# WHAT TO WORK ON
From the first line of the listing below, retype each line up to and including the one with "doc.styles.add('SY STT', font='malgun.ttf')"; pictures stay out.

===== STUDY MATERIAL =====

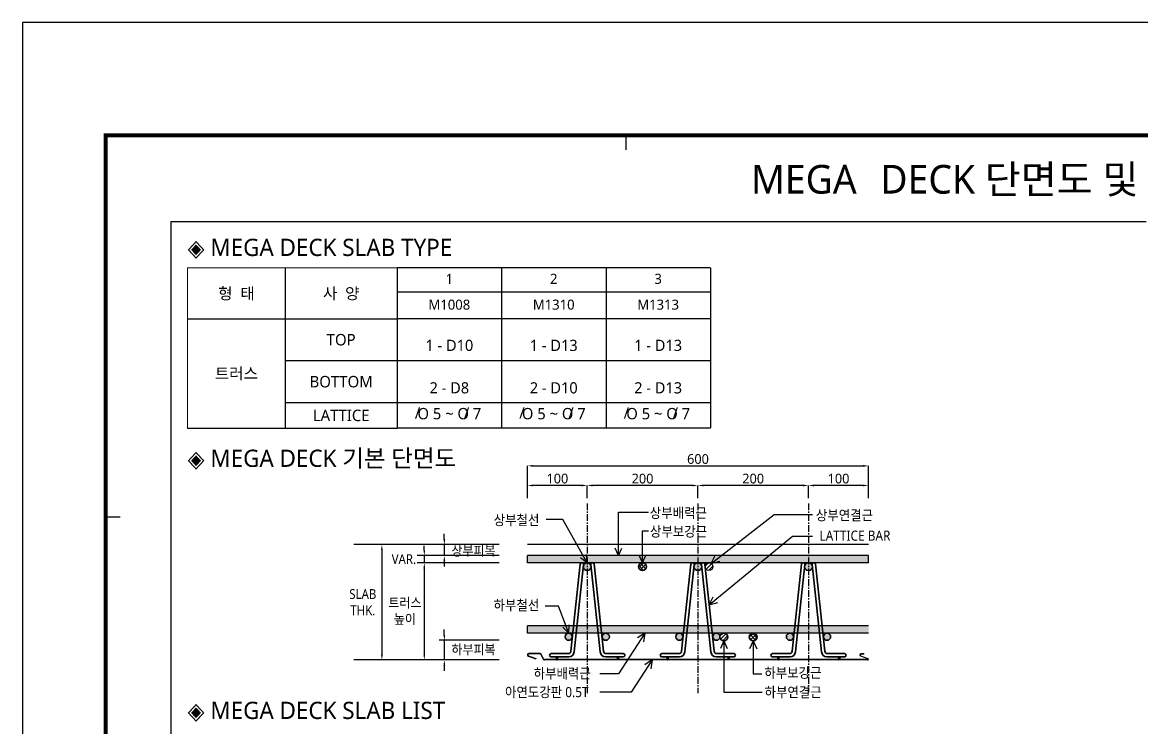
# Model space of a CAD drawing. Extents: x 10983 to 44623, y -18406 to 11294.
# Drawn here: x 10983 to 14885, y 8835 to 11294 of the extents above; entities that cross this region are included whole.
import ezdxf
from ezdxf.enums import TextEntityAlignment as Align

# ---------------------------------------------------------------- set-up
doc = ezdxf.new("R2010")
doc.units = 0
doc.header["$LTSCALE"] = 100
doc.header["$MEASUREMENT"] = 0
doc.header["$PDMODE"] = 3
doc.header["$PDSIZE"] = 10
doc.linetypes.add('CENTER', pattern=[2, 1.25, -0.25, 0.25, -0.25])
doc.layers.get('0').update_dxf_attribs({"linetype": 'CONTINUOUS'})
doc.layers.get('Defpoints').update_dxf_attribs({"color": 165, "linetype": 'CONTINUOUS'})
for name, color, linetype in [('1', 1, 'CONTINUOUS'), ('form', 7, 'CONTINUOUS'), ('form_TEX', 7, 'CONTINUOUS'), ('H', 8, 'CONTINUOUS'), ('HAT', 8, 'CONTINUOUS'), ('TG-TABLE', 7, 'CONTINUOUS'), ('TG-TABLE.TEX', 7, 'CONTINUOUS'), ('TG-TITLE.TEX', 3, 'CONTINUOUS'), ('TXT', 3, 'CONTINUOUS'), ('이름', 7, 'CONTINUOUS')]:
    doc.layers.add(name, color=color, linetype=linetype)
doc.layers.add('AM_0', color=7, linetype='CONTINUOUS', lineweight=35)
doc.styles.add('H', font='malgun.ttf', dxfattribs={"width": 0.9})
doc.styles.add('SY STT', font='malgun.ttf')
doc.styles.add('VICON TEXT', font='malgun.ttf')
doc.styles.add('맑은 고딕', font='malgun.ttf')
doc.dimstyles.new('숫자치수선', dxfattribs={"dimscale": 0, "dimtxt": 15, "dimasz": 7, "dimexe": 0.5, "dimexo": 0.5, "dimgap": 4, "dimtad": 1, "dimdec": 4, "dimdsep": 46, "dimtxsty": '맑은 고딕', "dimcen": 0, "dimclrd": 256, "dimclre": 256, "dimclrt": 7, "dimaunit": 3, "dimadec": 0, "dimazin": 0, "dimtfac": 1, "dimtdec": 4, "dimtix": 1, "dimtmove": 2, "dimatfit": 3, "dimldrblk": 'CLOSEDBLANK', "dimfxl": 1, "dimtolj": 1, "dimarcsym": 0})
pattern_1 = [(45, (-987073.07, -983204.75), (-53.0330086, 53.0330086), [])]
pattern_2 = [(45, (-987073.07, -983204.75), (-53.0330086, 53.0330086), []), (135, (-987073.07, -983204.75), (-53.0330086, -53.0330086), [])]

# ---------------------------------------------------------------- blocks, each defined once
blk = doc.blocks.new('Deck_Sh01')
at = {"linetype": 'ByBlock'}
for q in [(3400, 4950), (0, 0)]:
    blk.add_line((0, 4950), q, dxfattribs=at)
at = {"layer": 'Defpoints'}
blk.add_lwpolyline([(-517.5, -296.1), (7892.5, -296.1), (7892.5, 5644), (-517.5, 5644)], close=True, dxfattribs=at)
at = {"layer": 'form', "color": 30}
for p, q in [((1586.6, 5250), (1586.6, 5200)), ((-226.8, 3920.4), (-176.8, 3920.4))]:
    blk.add_line(p, q, dxfattribs=at)
at = {"layer": 'form', "color": 30, "const_width": 14.2}
blk.add_lwpolyline([(-226.8, 5250), (-226.8, -68.2), (7726.8, -68.2), (7726.8, 5250)], close=True, dxfattribs=at)
at = {"layer": 'TG-TABLE.TEX', "color": 3, "style": 'VICON TEXT'}
blk.add_text('DECK 단면도 및 슬래브 배근도 -', height=100, dxfattribs=at).set_placement((2473.6, 5047))
at = {"layer": 'TG-TABLE.TEX', "color": 3, "ltscale": 0.5, "style": 'VICON TEXT'}
blk.add_attdef('DKTYT', text='', height=100, dxfattribs=at).set_placement((2425.2, 5047), align=Align.RIGHT)
at = {"layer": 'TXT', "ltscale": 0.5, "style": 'VICON TEXT'}
blk.add_attdef('DKTYR', text='', height=45, dxfattribs=at).set_placement((7248.4, 1495), align=Align.RIGHT)
blk = doc.blocks.new('*D32')
at = {"layer": 'Defpoints', "color": 0, "transparency": 16777216}
for p in [(896569, 824083), (896569, 823728), (898220, 823728)]:
    blk.add_point(p, dxfattribs=at)
at = {"layer": '이름', "lineweight": -2, "transparency": 16777216}
for p, q in [((896569, 823729), (896569, 824083)), ((898070, 824083), (896719, 824083)), ((898220, 823729), (898220, 824083))]:
    blk.add_line(p, q, dxfattribs=at)
at = {"layer": '이름', "transparency": 16777216}
for points in [[(896719, 824108), (896719, 824058), (896569, 824083)], [(898070, 824108), (898070, 824058), (898220, 824083)]]:
    blk.add_solid(points, dxfattribs=at)
at = {"layer": '이름', "color": 7, "transparency": 16777216, "insert": (897395, 824273), "char_height": 270, "attachment_point": 5, "style": '맑은 고딕'}
blk.add_mtext('\\A1;100', dxfattribs=at)
blk = doc.blocks.new('_ClosedBlank')
at = {"color": 0, "linetype": 'ByBlock', "lineweight": -2}
for p, q in [((-1, 0.17), (0, 0)), ((-1, 0.17), (-1, -0.17)), ((0, 0), (-1, -0.17))]:
    blk.add_line(p, q, dxfattribs=at)
blk = doc.blocks.new('*D33')
at = {"layer": 'Defpoints', "color": 0, "transparency": 16777216}
for p in [(898220, 824083), (898220, 823728), (901280, 823728)]:
    blk.add_point(p, dxfattribs=at)
at = {"layer": '이름', "lineweight": -2, "transparency": 16777216}
for p, q in [((898220, 823729), (898220, 824083)), ((901130, 824083), (898370, 824083)), ((901280, 823729), (901280, 824083))]:
    blk.add_line(p, q, dxfattribs=at)
at = {"layer": '이름', "transparency": 16777216}
for points in [[(898370, 824108), (898370, 824058), (898220, 824083)], [(901130, 824108), (901130, 824058), (901280, 824083)]]:
    blk.add_solid(points, dxfattribs=at)
at = {"layer": '이름', "color": 7, "transparency": 16777216, "insert": (899750, 824272), "char_height": 270, "attachment_point": 5, "style": '맑은 고딕'}
blk.add_mtext('\\A1;200', dxfattribs=at)
blk = doc.blocks.new('*D34')
at = {"layer": 'Defpoints', "color": 0, "transparency": 16777216}
for p in [(901280, 824083), (901280, 823728), (904340, 823728)]:
    blk.add_point(p, dxfattribs=at)
at = {"layer": '이름', "lineweight": -2, "transparency": 16777216}
for p, q in [((901280, 823729), (901280, 824083)), ((904190, 824083), (901430, 824083)), ((904340, 823729), (904340, 824083))]:
    blk.add_line(p, q, dxfattribs=at)
at = {"layer": '이름', "transparency": 16777216}
for points in [[(901430, 824108), (901430, 824058), (901280, 824083)], [(904190, 824108), (904190, 824058), (904340, 824083)]]:
    blk.add_solid(points, dxfattribs=at)
at = {"layer": '이름', "color": 7, "transparency": 16777216, "insert": (902810, 824272), "char_height": 270, "attachment_point": 5, "style": '맑은 고딕'}
blk.add_mtext('\\A1;200', dxfattribs=at)
blk = doc.blocks.new('*D35')
at = {"layer": 'Defpoints', "color": 0, "transparency": 16777216}
for p in [(904340, 824083), (904340, 823728), (906000, 823728)]:
    blk.add_point(p, dxfattribs=at)
at = {"layer": '이름', "lineweight": -2, "transparency": 16777216}
for p, q in [((904340, 823729), (904340, 824083)), ((905850, 824083), (904490, 824083)), ((906000, 823729), (906000, 824083))]:
    blk.add_line(p, q, dxfattribs=at)
at = {"layer": '이름', "transparency": 16777216}
for points in [[(904490, 824108), (904490, 824058), (904340, 824083)], [(905850, 824108), (905850, 824058), (906000, 824083)]]:
    blk.add_solid(points, dxfattribs=at)
at = {"layer": '이름', "color": 7, "transparency": 16777216, "insert": (905170, 824273), "char_height": 270, "attachment_point": 5, "style": '맑은 고딕'}
blk.add_mtext('\\A1;100', dxfattribs=at)
blk = doc.blocks.new('*D36')
at = {"layer": 'Defpoints', "color": 0, "transparency": 16777216}
for p in [(906000, 824625), (896569, 823728), (906000, 823728)]:
    blk.add_point(p, dxfattribs=at)
at = {"layer": '이름', "lineweight": -2, "transparency": 16777216}
for p, q in [((896569, 823729), (896569, 824625)), ((896719, 824625), (905850, 824625)), ((906000, 823729), (906000, 824625))]:
    blk.add_line(p, q, dxfattribs=at)
at = {"layer": '이름', "transparency": 16777216}
for points in [[(896719, 824650), (896719, 824600), (896569, 824625)], [(905850, 824650), (905850, 824600), (906000, 824625)]]:
    blk.add_solid(points, dxfattribs=at)
at = {"layer": '이름', "color": 7, "transparency": 16777216, "insert": (901284, 824814), "char_height": 270, "attachment_point": 5, "style": '맑은 고딕'}
blk.add_mtext('\\A1;600', dxfattribs=at)
blk = doc.blocks.new('화살표')
at = {"layer": '이름', "color": 7}
for q in [(7411.9, 1748.5), (7420.3, 1738.3)]:
    blk.add_line((7404.8, 1734.1), q, dxfattribs=at)
blk = doc.blocks.new('Deck_DKtypeLST')
at = {"ltscale": 0.5}
blk.add_line((364.4, 558.7), (364.4, 0), dxfattribs=at)
at = {"layer": 'TG-TABLE'}
for p, q in [((0, 475.2), (364.4, 475.2)), ((0, 381.4), (364.4, 381.4)), ((0, 235), (364.4, 235)), ((0, 88.6), (364.4, 88.6)), ((0, 0), (364.4, 0))]:
    blk.add_line(p, q, dxfattribs=at)
at = {"layer": 'TG-TABLE', "const_width": 4.88}
for points in [[(0, 558.7), (364.4, 558.7)], [(364.4, 0), (0, 0)]]:
    blk.add_lwpolyline(points, dxfattribs=at)
at = {"layer": 'TG-TABLE.TEX', "style": 'SY STT'}
for p in [(61.8, 32.8), (232.6, 32.3)]:
    blk.add_text('/', height=39.5, dxfattribs=at).set_placement(p)
blk.add_text('O 5 ~ O 7', height=39.53, dxfattribs=at).set_placement((182.2, 50), align=Align.MIDDLE_CENTER)
blk = doc.blocks.new('MEGA')
at = {"layer": 'H', "true_color": 0xc7c8ca}
h = blk.add_hatch(color=9, dxfattribs=at)
h.dxf.hatch_style = 1
h.paths.add_polyline_path([(14233.30563, 2884.05), (12573.78924, 2884.05), (12573.78924, 2685.15), (14233.30563, 2685.15)])
h.paths.add_polyline_path([(12573.78924, 2884.05), (11484.9021, 2884.05), (11242.99435, 2685.15), (12573.78924, 2685.15), (12573.78924, 2718.62254)])
h.paths.add_polyline_path([(11484.9021, 2884.05), (10165.1593, 2884.05), (9909.88377, 2685.15), (11242.99435, 2685.15)])
h.paths.add_polyline_path([(9992.13708, 2884.05), (9830.00417, 2884.05), (9821.63011, 2685.15), (9894.19581, 2685.15)])
h.paths.add_polyline_path([(9830.00417, 2884.05), (9513.78924, 2884.05), (9513.78924, 2685.15), (9821.63011, 2685.15)])
h.paths.add_polyline_path([(9513.78924, 2884.05), (8071.12989, 2884.05), (7983.78924, 2685.15), (9513.78924, 2685.15)])
h.paths.add_polyline_path([(8071.12989, 2884.05), (7983.78924, 2884.05), (7983.78924, 2685.15)], flags=17)
h.paths.add_polyline_path([(7983.78924, 2884.05), (7896.4486, 2884.05), (7983.78924, 2685.15)], flags=17)
h.paths.add_polyline_path([(7896.4486, 2884.05), (6453.78924, 2884.05), (6453.78924, 2685.15), (7983.78924, 2685.15)])
h.paths.add_polyline_path([(6438.06876, 2884.05), (6342.11906, 2884.05), (6453.76853, 2685.15), (6453.78924, 2685.15)])
h.paths.add_polyline_path([(6453.78924, 2884.05), (6438.06876, 2884.05), (6453.78924, 2685.15)])
h.paths.add_polyline_path([(6342.11906, 2884.05), (4802.72489, 2884.05), (4802.72489, 2685.15), (6453.76853, 2685.15)])
h.paths.add_polyline_path([(9894.19581, 2685.15), (9909.88377, 2685.15), (10165.1593, 2884.05), (9992.13708, 2884.05)])
h = blk.add_hatch(color=9, dxfattribs=at)
h.dxf.hatch_style = 1
h.paths.add_polyline_path([(14233.30563, 940.95), (12573.78924, 940.95), (12573.78924, 742.05), (14233.30563, 742.05)])
h.paths.add_polyline_path([(12573.78924, 940.95), (11484.9021, 940.95), (11242.99435, 742.05), (12573.78924, 742.05), (12573.78924, 775.52254)])
h.paths.add_polyline_path([(11484.9021, 940.95), (10165.1593, 940.95), (9909.88377, 742.05), (11242.99435, 742.05)])
h.paths.add_polyline_path([(9992.13708, 940.95), (9830.00417, 940.95), (9821.63011, 742.05), (9894.19581, 742.05)])
h.paths.add_polyline_path([(9830.00417, 940.95), (9513.78924, 940.95), (9513.78924, 742.05), (9821.63011, 742.05)])
h.paths.add_polyline_path([(9513.78924, 940.95), (8071.12989, 940.95), (7983.78924, 742.05), (9513.78924, 742.05)])
h.paths.add_polyline_path([(8071.12989, 940.95), (7983.78924, 940.95), (7983.78924, 742.05)], flags=17)
h.paths.add_polyline_path([(7983.78924, 940.95), (7896.4486, 940.95), (7983.78924, 742.05)], flags=17)
h.paths.add_polyline_path([(7896.4486, 940.95), (6453.78924, 940.95), (6453.78924, 742.05), (7983.78924, 742.05)])
h.paths.add_polyline_path([(6438.06876, 940.95), (6342.11906, 940.95), (6453.76853, 742.05), (6453.78924, 742.05)])
h.paths.add_polyline_path([(6453.78924, 940.95), (6438.06876, 940.95), (6453.78924, 742.05)])
h.paths.add_polyline_path([(6342.11906, 940.95), (4802.72489, 940.95), (4802.72489, 742.05), (6453.76853, 742.05)])
h.paths.add_polyline_path([(9894.19581, 742.05), (9909.88377, 742.05), (10165.1593, 940.95), (9992.13708, 940.95)])
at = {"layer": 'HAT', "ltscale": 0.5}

=====

# SOLUTION FOR THIS TASK
# Model space of a CAD drawing. Extents: x 10983 to 44623, y -18406 to 11294.
# Drawn here: x 10983 to 14885, y 8835 to 11294 of the extents above; entities that cross this region are included whole.
import ezdxf
from ezdxf.enums import TextEntityAlignment as Align

# ---------------------------------------------------------------- set-up
doc = ezdxf.new("R2010")
doc.units = 0
doc.header["$LTSCALE"] = 100
doc.header["$MEASUREMENT"] = 0
doc.header["$PDMODE"] = 3
doc.header["$PDSIZE"] = 10
doc.linetypes.add('CENTER', pattern=[2, 1.25, -0.25, 0.25, -0.25])
doc.layers.get('0').update_dxf_attribs({"linetype": 'CONTINUOUS'})
doc.layers.get('Defpoints').update_dxf_attribs({"color": 165, "linetype": 'CONTINUOUS'})
for name, color, linetype in [('1', 1, 'CONTINUOUS'), ('form', 7, 'CONTINUOUS'), ('form_TEX', 7, 'CONTINUOUS'), ('H', 8, 'CONTINUOUS'), ('HAT', 8, 'CONTINUOUS'), ('TG-TABLE', 7, 'CONTINUOUS'), ('TG-TABLE.TEX', 7, 'CONTINUOUS'), ('TG-TITLE.TEX', 3, 'CONTINUOUS'), ('TXT', 3, 'CONTINUOUS'), ('이름', 7, 'CONTINUOUS')]:
    doc.layers.add(name, color=color, linetype=linetype)
doc.layers.add('AM_0', color=7, linetype='CONTINUOUS', lineweight=35)
doc.styles.add('H', font='malgun.ttf', dxfattribs={"width": 0.9})
doc.styles.add('SY STT', font='malgun.ttf')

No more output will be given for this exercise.